Schools in American Cities
As someone who both has experienced city schooling in my own schooling career and who hopes to become a city school teacher themselves, this class has been very important to my orientation as a potential future educator.
One of my favorite things about this class was my placement school. It was so exciting to be in a place that openly admitted it was still a work in progress, and it was also exciting to see all the people involved in making that progress. Although I found myself having many ambivalent feelings about the way classrooms were run, or how much I thought students were getting out of them, I still think that the original pedagogical framework the school was built around is a vision worth pursuing. These conflicting feelings sometimes made it hard to talk about my placement in class; even as I heard others describe classrooms where students weren’t as engaged as they could’ve or should’ve been, or talk about the way teachers are not being appreciated enough and are being overworked, I found myself wanting to defend the school regardless because I want so much to believe in the possibility of a place like that existing. I also feel as though everyone who was involved in its making was so invested and put so much of themselves into the process - principal, teachers, students, administrators - that it will continue to grow and move past the challenges that arise. I also would love to see what happens after the new cohort of students comes in, and especially whether the current students decide to come back. I wonder how the current culture will hold up (will it be stronger?) and whether the new cohort will have an easier time adapting to it because the framework will already be there - or will the framework also have changed? Maybe the school will undergo even more restructuring in the summer now that everyone has a year of experiences to inform their decision-making process. I genuinely hope for a good outcome, and I also feel really grateful to have been able to experience the environment there. Despite all its challenges, my placement school taught me a lot of things that I hope to put to use in the future.
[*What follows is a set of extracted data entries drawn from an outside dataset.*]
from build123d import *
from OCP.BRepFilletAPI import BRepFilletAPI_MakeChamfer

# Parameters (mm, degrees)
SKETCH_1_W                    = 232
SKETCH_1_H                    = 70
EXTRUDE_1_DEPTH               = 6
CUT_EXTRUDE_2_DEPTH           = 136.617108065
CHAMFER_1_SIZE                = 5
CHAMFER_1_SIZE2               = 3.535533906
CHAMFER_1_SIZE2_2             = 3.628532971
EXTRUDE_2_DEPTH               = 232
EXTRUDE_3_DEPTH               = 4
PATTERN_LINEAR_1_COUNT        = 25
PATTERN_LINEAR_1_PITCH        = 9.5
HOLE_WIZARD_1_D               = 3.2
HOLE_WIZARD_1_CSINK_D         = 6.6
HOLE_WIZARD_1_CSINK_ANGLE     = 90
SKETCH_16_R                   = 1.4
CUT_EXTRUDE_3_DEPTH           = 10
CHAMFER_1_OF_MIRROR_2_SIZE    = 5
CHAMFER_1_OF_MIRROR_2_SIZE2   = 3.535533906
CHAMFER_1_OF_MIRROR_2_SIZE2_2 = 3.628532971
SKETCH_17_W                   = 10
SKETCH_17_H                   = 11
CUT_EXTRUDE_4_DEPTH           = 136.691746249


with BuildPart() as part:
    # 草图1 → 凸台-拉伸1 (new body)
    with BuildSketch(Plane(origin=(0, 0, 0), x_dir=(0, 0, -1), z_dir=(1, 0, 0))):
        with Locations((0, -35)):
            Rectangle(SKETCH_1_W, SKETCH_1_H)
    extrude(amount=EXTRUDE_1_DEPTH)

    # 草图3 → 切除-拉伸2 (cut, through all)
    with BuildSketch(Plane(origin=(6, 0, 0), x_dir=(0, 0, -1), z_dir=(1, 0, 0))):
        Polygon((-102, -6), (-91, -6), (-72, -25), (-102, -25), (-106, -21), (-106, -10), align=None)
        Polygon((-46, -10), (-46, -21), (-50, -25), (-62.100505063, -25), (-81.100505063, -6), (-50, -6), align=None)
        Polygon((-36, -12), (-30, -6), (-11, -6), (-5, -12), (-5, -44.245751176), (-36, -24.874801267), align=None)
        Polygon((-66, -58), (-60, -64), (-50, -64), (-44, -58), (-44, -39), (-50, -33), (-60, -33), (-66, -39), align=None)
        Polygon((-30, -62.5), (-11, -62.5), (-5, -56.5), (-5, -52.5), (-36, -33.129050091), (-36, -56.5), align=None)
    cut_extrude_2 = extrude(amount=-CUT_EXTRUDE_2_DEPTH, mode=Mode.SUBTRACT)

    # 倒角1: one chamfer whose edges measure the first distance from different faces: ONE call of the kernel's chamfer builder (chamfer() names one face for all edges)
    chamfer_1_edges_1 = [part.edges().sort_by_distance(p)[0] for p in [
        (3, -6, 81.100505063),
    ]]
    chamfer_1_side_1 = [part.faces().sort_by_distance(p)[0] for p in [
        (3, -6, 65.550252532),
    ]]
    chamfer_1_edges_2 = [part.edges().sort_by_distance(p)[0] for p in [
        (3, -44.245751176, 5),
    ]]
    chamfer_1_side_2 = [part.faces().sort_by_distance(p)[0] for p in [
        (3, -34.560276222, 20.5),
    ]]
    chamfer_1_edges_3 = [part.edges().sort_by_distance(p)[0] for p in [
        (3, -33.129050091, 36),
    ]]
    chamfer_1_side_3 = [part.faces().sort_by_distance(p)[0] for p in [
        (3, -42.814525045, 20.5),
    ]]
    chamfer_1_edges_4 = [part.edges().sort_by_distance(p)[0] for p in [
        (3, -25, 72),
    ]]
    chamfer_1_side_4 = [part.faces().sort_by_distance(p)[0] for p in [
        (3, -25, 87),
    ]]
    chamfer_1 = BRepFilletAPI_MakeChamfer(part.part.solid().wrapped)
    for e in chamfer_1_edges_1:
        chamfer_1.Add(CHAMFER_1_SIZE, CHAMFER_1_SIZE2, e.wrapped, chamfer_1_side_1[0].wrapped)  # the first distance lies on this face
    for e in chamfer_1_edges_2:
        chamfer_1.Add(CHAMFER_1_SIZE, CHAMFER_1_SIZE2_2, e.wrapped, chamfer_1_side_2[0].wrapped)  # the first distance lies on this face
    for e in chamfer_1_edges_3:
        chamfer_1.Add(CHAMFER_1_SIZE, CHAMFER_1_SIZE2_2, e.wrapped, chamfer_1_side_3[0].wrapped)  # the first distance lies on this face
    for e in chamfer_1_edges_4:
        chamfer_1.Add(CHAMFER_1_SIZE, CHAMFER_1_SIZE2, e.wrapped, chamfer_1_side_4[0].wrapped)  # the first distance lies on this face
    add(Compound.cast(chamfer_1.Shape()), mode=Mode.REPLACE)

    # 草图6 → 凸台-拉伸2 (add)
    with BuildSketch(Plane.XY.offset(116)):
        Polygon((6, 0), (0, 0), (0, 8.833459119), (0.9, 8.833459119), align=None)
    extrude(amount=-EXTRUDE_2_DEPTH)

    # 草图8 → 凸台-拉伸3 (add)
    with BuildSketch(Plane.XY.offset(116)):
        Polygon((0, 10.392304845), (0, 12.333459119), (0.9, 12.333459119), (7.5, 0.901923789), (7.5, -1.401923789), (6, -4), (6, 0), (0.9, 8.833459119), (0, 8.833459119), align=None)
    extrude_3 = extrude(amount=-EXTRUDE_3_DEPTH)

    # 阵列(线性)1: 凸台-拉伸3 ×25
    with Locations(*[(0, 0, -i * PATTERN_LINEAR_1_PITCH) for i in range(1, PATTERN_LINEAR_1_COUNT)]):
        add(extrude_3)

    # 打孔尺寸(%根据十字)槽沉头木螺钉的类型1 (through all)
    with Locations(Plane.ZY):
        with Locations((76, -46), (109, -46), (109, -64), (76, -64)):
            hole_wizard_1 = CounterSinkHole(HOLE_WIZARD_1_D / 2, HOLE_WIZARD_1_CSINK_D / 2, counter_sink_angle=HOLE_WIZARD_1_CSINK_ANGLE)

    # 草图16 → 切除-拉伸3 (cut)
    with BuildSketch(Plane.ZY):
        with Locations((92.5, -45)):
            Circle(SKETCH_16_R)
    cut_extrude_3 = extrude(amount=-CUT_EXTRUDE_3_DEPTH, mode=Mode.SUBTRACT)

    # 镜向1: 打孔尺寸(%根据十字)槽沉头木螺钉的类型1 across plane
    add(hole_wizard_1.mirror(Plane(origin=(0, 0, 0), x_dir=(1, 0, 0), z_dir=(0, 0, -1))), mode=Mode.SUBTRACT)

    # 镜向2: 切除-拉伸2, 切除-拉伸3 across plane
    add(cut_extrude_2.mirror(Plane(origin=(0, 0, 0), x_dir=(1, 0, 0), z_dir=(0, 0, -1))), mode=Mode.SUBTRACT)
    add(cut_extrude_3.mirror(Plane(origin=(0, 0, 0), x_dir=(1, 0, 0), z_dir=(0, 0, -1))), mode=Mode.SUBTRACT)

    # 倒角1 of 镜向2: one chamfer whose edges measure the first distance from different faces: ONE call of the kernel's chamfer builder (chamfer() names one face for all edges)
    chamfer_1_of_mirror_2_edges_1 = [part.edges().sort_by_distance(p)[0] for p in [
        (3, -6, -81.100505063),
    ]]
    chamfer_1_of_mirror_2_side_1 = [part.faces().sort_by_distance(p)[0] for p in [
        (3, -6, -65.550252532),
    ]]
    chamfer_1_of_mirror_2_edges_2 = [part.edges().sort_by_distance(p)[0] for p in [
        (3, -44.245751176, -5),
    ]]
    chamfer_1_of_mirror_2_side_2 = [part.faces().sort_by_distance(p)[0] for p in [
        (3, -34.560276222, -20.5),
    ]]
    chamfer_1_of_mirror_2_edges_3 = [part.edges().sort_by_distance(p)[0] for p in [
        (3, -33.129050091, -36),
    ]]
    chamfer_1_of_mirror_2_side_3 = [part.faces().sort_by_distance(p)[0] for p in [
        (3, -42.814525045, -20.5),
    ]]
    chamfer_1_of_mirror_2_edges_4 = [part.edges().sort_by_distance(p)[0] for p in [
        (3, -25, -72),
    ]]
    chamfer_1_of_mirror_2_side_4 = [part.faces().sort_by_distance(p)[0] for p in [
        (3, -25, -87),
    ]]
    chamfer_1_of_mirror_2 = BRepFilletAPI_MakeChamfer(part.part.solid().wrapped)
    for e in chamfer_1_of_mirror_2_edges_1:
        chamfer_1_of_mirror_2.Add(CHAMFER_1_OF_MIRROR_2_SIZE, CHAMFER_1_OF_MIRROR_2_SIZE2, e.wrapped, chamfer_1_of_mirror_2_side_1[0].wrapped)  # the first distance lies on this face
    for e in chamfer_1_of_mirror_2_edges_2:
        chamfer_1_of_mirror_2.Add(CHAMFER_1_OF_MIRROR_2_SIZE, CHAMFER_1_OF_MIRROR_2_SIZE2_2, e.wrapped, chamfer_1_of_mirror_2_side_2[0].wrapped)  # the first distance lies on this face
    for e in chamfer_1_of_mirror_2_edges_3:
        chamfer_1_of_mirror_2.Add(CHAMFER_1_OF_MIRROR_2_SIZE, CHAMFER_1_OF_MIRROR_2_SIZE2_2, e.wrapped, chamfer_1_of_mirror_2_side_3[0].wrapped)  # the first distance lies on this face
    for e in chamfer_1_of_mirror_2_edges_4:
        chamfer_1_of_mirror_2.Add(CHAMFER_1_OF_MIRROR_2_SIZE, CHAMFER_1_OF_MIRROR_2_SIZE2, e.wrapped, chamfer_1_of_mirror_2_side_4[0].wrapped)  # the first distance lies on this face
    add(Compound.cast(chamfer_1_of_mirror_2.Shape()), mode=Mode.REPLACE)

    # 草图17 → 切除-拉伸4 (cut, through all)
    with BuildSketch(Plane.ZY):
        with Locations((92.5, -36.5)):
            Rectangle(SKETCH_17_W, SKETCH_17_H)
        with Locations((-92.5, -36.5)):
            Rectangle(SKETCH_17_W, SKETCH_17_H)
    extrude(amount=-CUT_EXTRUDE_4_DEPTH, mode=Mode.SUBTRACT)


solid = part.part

Another thing I really appreciated about this class is how strong and opinionated the voices of my peers were, and how there was a lot of pushing back on concepts that allowed me to re-examine previously held beliefs. The barometer activity we used to discuss Teach for America stands out to me particularly (probably also because of personal investment in the topic); there was a continual back-and-forth that allowed me to dig deeper into a topic I thought I had already fully confronted, and allowed me to discover a new way of thinking about it. Although it takes me a while to process things, which sometimes makes it hard to participate in heated classroom discussions, I remember feeling very engaged and energetic in that discussion, and I think I learned a lot from listening to others’ comments in class this semester.
Finally, I am grateful to feel as though I’m coming away with a really holistic, comprehensive, and well-rounded view of urban education/education reform that I can use to inform my own actions and practices. It’s always so important to realize that the educational system is comprised of a host of different variables, and especially important to try to know and understand one’s own place amongst them.